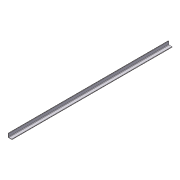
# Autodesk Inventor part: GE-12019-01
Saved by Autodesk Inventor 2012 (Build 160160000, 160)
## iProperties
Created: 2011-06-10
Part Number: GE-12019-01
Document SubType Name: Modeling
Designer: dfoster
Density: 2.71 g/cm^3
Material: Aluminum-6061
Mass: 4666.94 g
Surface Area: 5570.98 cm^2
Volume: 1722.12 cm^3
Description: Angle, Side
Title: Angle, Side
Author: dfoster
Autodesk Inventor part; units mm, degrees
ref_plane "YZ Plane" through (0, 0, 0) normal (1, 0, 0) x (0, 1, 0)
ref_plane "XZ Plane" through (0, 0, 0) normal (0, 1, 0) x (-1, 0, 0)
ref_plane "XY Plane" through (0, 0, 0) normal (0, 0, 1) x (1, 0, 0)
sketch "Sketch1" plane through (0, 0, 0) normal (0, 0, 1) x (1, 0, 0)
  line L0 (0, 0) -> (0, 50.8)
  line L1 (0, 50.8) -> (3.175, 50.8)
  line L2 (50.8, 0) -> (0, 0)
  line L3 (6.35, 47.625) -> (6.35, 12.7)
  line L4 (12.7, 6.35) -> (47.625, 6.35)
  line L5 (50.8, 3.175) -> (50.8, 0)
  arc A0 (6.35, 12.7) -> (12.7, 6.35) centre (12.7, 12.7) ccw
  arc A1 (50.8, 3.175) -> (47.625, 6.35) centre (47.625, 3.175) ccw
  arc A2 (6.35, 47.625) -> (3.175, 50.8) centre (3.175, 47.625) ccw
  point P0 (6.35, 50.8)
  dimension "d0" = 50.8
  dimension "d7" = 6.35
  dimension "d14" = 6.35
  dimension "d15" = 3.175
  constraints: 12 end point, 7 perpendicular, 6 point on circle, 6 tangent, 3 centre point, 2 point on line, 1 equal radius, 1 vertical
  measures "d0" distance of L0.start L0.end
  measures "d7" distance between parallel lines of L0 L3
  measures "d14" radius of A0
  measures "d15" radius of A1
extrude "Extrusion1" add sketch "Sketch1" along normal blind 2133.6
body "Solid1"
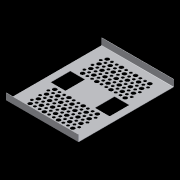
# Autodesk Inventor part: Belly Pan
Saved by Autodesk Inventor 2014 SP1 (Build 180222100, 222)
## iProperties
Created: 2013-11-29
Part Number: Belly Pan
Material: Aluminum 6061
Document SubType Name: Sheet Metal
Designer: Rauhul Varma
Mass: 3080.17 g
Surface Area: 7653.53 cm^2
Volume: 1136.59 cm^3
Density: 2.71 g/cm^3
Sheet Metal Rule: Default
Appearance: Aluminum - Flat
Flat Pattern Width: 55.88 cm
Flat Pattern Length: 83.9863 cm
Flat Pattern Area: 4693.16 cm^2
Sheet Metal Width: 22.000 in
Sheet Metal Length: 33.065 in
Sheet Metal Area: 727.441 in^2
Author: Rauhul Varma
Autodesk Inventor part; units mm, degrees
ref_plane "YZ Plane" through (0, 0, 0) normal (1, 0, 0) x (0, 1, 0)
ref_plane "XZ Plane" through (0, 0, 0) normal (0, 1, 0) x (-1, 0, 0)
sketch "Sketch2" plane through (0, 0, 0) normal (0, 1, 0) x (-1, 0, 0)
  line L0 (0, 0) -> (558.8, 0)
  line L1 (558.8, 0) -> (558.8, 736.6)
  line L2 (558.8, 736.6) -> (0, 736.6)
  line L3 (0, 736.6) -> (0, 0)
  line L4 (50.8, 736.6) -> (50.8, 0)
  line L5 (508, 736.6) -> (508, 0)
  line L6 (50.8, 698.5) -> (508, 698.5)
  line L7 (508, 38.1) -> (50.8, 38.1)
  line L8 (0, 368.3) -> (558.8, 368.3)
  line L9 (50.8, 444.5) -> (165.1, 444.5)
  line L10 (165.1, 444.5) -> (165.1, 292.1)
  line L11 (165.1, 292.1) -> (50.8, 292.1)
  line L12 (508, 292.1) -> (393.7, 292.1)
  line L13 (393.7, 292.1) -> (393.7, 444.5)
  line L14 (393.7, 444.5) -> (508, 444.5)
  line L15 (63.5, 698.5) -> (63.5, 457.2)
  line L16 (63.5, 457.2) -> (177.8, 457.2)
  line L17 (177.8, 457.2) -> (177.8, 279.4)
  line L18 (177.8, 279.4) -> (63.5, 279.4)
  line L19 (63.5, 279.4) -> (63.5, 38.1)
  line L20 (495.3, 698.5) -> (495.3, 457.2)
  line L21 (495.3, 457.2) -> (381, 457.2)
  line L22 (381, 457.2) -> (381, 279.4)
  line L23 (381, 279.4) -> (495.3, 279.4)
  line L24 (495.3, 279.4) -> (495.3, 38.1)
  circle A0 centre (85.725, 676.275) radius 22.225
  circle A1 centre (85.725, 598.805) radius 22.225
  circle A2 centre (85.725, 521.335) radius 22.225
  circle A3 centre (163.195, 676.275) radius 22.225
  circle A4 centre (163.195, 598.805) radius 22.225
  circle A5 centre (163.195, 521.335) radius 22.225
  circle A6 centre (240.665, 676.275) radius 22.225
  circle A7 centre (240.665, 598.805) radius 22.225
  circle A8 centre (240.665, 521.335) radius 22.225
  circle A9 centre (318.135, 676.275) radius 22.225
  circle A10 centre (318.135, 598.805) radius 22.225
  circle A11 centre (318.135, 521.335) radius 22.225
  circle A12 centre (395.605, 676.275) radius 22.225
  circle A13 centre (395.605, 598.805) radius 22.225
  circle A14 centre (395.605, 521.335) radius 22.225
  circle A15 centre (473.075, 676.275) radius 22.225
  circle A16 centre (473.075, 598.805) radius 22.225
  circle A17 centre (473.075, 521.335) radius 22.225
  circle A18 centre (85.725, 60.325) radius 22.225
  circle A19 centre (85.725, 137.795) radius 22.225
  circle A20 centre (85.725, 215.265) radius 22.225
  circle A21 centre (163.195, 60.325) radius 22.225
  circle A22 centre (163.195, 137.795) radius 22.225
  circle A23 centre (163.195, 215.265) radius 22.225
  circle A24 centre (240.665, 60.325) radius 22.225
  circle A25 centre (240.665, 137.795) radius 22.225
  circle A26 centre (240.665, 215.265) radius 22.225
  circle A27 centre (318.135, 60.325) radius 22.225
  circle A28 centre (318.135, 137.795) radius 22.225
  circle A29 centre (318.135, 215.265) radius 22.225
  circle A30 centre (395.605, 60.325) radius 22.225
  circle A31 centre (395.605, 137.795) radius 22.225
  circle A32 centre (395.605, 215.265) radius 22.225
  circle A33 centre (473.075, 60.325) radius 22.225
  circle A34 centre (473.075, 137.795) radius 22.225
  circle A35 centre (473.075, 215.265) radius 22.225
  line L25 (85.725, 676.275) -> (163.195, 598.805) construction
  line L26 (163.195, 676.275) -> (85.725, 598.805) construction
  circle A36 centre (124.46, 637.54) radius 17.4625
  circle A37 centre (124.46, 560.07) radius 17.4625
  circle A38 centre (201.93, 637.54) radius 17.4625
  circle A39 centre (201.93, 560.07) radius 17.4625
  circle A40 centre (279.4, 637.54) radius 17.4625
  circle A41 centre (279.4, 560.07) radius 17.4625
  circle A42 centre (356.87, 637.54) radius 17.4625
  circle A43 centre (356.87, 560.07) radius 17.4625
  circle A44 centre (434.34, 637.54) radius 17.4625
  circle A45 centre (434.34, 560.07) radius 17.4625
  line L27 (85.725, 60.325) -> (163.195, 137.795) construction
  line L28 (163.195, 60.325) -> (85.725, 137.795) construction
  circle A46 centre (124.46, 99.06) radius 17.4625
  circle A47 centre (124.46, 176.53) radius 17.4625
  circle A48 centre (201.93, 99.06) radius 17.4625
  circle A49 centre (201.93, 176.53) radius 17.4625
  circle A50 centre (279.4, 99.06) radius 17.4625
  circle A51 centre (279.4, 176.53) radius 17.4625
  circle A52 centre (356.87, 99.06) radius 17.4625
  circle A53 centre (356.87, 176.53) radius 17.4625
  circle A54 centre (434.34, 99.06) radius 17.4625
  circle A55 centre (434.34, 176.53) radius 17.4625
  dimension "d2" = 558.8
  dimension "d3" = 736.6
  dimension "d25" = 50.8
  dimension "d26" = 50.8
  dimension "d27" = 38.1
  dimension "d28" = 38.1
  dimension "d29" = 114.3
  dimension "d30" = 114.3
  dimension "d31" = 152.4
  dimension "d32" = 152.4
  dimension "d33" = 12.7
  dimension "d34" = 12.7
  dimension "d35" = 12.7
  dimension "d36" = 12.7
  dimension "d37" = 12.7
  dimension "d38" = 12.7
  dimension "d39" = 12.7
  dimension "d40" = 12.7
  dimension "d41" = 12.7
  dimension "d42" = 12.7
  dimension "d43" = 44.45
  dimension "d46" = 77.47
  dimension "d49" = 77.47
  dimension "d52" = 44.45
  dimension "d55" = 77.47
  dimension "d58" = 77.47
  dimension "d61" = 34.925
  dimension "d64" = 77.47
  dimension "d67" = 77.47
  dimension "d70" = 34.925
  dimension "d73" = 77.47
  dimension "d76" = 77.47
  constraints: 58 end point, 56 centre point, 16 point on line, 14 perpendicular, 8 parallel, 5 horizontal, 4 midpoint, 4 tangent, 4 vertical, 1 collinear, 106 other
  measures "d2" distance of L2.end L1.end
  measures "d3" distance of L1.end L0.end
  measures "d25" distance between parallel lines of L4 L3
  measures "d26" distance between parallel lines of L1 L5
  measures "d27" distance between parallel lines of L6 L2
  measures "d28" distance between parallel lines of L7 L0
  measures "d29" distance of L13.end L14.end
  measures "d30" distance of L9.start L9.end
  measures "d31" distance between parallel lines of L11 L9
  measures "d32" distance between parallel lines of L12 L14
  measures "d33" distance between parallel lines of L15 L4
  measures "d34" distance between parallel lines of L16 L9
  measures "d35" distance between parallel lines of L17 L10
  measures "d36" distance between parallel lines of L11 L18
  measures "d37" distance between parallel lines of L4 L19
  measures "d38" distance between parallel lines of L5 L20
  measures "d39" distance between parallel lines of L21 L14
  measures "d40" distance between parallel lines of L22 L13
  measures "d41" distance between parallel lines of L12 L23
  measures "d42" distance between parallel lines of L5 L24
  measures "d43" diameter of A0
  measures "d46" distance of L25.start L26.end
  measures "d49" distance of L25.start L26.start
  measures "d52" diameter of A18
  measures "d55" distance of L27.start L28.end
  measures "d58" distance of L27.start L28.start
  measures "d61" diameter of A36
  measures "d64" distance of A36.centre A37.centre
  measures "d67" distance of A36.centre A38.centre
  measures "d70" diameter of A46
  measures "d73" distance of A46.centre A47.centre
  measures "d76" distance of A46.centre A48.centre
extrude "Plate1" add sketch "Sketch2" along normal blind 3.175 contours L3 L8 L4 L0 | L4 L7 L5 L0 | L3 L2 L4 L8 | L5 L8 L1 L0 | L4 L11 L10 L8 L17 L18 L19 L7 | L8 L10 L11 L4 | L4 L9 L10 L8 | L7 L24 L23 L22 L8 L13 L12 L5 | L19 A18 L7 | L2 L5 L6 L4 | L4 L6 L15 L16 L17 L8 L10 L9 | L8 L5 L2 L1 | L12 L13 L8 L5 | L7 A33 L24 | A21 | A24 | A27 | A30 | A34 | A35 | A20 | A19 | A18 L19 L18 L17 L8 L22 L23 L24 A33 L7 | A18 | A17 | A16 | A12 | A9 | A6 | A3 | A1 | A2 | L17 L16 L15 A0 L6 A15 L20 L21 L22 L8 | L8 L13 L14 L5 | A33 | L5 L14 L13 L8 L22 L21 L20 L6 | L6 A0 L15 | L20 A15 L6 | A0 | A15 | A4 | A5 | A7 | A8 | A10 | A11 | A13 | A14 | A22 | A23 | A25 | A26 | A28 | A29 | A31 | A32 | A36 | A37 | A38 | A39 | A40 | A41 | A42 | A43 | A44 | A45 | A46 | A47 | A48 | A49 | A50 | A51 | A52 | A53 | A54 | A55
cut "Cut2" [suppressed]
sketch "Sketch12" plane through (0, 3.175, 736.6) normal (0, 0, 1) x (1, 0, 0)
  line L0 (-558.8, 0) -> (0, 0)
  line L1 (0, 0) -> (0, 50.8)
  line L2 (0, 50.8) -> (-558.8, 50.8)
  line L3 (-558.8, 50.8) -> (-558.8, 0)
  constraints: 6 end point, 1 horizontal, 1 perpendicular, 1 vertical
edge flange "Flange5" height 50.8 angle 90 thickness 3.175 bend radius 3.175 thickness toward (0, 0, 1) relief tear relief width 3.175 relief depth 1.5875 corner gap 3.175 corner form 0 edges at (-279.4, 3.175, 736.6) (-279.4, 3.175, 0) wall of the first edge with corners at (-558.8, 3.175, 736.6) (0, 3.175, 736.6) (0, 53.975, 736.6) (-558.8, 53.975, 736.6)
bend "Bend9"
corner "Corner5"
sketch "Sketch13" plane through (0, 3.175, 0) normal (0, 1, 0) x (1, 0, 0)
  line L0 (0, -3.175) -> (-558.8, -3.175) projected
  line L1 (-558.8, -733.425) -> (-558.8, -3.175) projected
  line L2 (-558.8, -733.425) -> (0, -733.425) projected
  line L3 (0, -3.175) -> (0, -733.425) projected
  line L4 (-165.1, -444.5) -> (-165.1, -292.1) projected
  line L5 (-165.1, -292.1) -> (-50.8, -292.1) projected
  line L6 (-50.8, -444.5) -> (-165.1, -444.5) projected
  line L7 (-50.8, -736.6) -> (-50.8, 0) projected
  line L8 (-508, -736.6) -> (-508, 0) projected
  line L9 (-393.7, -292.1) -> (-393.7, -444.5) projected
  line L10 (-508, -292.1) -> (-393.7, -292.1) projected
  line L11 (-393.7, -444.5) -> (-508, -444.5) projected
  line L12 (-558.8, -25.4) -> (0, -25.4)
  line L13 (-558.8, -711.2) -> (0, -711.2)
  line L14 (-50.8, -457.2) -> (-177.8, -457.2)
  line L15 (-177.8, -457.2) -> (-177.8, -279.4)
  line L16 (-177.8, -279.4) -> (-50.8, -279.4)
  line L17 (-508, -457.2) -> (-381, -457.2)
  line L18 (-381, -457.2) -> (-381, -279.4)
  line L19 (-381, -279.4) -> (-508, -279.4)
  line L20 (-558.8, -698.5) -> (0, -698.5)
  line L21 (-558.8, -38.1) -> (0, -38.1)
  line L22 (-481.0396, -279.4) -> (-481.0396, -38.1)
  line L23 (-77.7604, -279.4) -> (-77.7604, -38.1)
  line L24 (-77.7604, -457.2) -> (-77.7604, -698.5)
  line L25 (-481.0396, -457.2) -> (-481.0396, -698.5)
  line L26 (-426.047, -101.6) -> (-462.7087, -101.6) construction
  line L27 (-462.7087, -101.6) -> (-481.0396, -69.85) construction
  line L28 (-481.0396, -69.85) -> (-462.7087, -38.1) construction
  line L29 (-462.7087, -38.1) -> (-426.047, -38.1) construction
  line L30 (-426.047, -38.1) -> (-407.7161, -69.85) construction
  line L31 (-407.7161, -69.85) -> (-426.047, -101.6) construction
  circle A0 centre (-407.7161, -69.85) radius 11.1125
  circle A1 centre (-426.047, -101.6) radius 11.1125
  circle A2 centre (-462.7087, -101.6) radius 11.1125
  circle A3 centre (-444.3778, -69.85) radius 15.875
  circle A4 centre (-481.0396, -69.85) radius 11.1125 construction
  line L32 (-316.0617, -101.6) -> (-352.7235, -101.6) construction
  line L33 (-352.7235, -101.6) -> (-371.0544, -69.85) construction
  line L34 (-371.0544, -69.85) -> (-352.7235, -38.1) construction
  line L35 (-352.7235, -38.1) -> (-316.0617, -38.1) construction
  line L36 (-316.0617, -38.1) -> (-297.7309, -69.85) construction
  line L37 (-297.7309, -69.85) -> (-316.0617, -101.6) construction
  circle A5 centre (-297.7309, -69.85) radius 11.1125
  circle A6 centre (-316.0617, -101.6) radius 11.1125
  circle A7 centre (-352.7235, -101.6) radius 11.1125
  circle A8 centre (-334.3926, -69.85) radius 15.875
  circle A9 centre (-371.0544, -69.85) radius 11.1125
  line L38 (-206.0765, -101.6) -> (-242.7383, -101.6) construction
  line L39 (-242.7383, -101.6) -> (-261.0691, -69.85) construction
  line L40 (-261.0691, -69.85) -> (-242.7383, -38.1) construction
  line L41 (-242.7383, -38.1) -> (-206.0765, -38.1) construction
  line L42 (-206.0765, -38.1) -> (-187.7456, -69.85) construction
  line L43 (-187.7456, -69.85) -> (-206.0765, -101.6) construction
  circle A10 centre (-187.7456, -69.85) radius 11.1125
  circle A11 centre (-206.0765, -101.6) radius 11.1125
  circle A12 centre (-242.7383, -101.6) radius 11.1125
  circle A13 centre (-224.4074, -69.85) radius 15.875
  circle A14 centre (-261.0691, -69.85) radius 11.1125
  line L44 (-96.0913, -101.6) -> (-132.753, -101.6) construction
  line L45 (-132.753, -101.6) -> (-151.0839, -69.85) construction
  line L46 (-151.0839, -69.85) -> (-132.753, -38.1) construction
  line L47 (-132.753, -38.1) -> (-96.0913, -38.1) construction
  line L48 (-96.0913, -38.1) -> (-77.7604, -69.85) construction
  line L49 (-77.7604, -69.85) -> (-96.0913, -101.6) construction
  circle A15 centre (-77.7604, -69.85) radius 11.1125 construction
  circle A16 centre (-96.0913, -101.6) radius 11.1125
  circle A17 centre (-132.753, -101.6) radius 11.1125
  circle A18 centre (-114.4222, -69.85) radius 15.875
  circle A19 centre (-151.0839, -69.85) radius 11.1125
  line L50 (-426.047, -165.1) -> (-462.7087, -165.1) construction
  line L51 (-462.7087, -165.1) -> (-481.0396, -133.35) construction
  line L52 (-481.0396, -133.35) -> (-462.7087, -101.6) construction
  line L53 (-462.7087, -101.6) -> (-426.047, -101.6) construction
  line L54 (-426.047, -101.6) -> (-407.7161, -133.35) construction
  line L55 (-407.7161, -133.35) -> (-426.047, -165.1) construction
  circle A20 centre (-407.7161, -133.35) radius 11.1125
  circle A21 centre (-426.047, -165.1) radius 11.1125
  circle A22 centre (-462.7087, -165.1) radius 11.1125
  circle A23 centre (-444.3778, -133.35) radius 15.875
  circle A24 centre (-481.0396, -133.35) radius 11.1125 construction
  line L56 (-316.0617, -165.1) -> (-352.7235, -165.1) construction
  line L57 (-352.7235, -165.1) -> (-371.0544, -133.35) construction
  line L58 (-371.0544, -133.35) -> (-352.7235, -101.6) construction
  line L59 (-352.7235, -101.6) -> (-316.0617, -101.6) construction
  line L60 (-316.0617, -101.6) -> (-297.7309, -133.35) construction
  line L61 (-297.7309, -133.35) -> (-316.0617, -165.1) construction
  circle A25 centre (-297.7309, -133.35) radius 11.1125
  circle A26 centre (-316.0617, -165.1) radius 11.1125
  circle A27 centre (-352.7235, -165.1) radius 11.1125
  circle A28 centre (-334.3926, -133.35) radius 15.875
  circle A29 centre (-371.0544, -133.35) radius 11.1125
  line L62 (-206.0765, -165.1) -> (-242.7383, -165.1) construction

WHAT THIS TASK INVOLVES: The word "Saved" appears in some lines above. Return every one of those lines.

WRITTEN REPLY:
Saved by Autodesk Inventor 2012 (Build 160160000, 160)
Saved by Autodesk Inventor 2014 SP1 (Build 180222100, 222)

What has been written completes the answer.